Das konzentrierte Wissen des Netzwerks
«Wir verstehen den Architekten als Schnittstelle in einem sehr komplexen Netzwerk, das ihm die Grundlage bietet, als Visionär oder Führungsperson zu fungieren. Nur das konzentrierte Wissen des Netzwerks ermöglicht es ihm, diese Funktion auszuüben.» Del Rio sieht die primäre Rolle der heutigen Architektinnen und Architekten als kommunikative Schnittstelle. Bis vor nicht allzu langer Zeit war das Bild des Architekten noch dasjenige eines Visionärs, der isoliert und distanziert seine Ideen ausbrütet. Der heutige Architekt kommuniziert. Die gesteigerte Komplexität des zeitgenössischen Architekturschaffens erhebt das Kommunizieren zu einer Notwendigkeit. Natürlich hat der Architekt immer noch Visionen. Die Architektin auch. Nur so können sie das Umfeld der Menschen verändern. Der Architekt ist aber nicht mehr der alleinige Autor dieser Visionen, sie sind das Produkt aus einem Diskurs vieler verschiedener Parteien. Erst das ganze Netzwerk verleiht der Architektin, dem Architekten die Kompetenz zur Führungsperson und zum Visionär.

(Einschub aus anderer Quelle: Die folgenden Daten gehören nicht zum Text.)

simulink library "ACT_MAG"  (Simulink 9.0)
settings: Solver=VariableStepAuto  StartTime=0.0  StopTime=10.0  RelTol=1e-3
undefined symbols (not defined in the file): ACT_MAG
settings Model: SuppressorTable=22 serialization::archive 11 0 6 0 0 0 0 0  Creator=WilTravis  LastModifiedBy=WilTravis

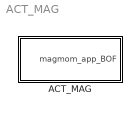
== system ACT_MAG ==
  ACT_MAG : Subsystem

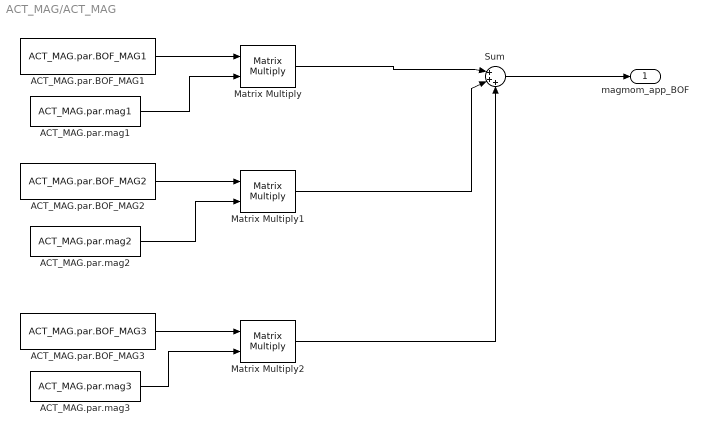
== system ACT_MAG/ACT_MAG ==
  ACT_MAG.par.BOF_MAG1 : Constant  Value=ACT_MAG.par.BOF_MAG1
  ACT_MAG.par.BOF_MAG2 : Constant  Value=ACT_MAG.par.BOF_MAG2
  ACT_MAG.par.BOF_MAG3 : Constant  Value=ACT_MAG.par.BOF_MAG3
  ACT_MAG.par.mag1 : Constant  Value=ACT_MAG.par.mag1
  "ACT_MAG.par.mag2 " : Constant  Value=ACT_MAG.par.mag2
  ACT_MAG.par.mag3 : Constant  Value=ACT_MAG.par.mag3
  Matrix Multiply : Product  Multiplication=Matrix(*)
  Matrix Multiply1 : Product  Multiplication=Matrix(*)
  Matrix Multiply2 : Product  Multiplication=Matrix(*)
  Sum : Sum  Inputs=|+++
  magmom_app_BOF : Outport
  wires:
  ACT_MAG.par.BOF_MAG2/1 -> Matrix Multiply1/1
  Matrix Multiply2/1 -> Sum/3
  "ACT_MAG.par.mag2 "/1 -> Matrix Multiply1/2
  ACT_MAG.par.mag3/1 -> Matrix Multiply2/2
  Sum/1 -> magmom_app_BOF/1
  ACT_MAG.par.BOF_MAG1/1 -> Matrix Multiply/1
  Matrix Multiply/1 -> Sum/1
  ACT_MAG.par.mag1/1 -> Matrix Multiply/2
  ACT_MAG.par.BOF_MAG3/1 -> Matrix Multiply2/1
  Matrix Multiply1/1 -> Sum/2

 Text: Allen Buess und Olivier Felber

Hans Focketyn (rechts) und Miquel del Rio (links) © Adria Goula


Dieser Text entstand am Institut Architektur FHNW im Frühlingssemester 2020, im Rahmen der Lehrveranstaltung in Sozialwissenschaften zum Thema «The Image of the Architect». Auf der Suche nach neuen Berufsbildern.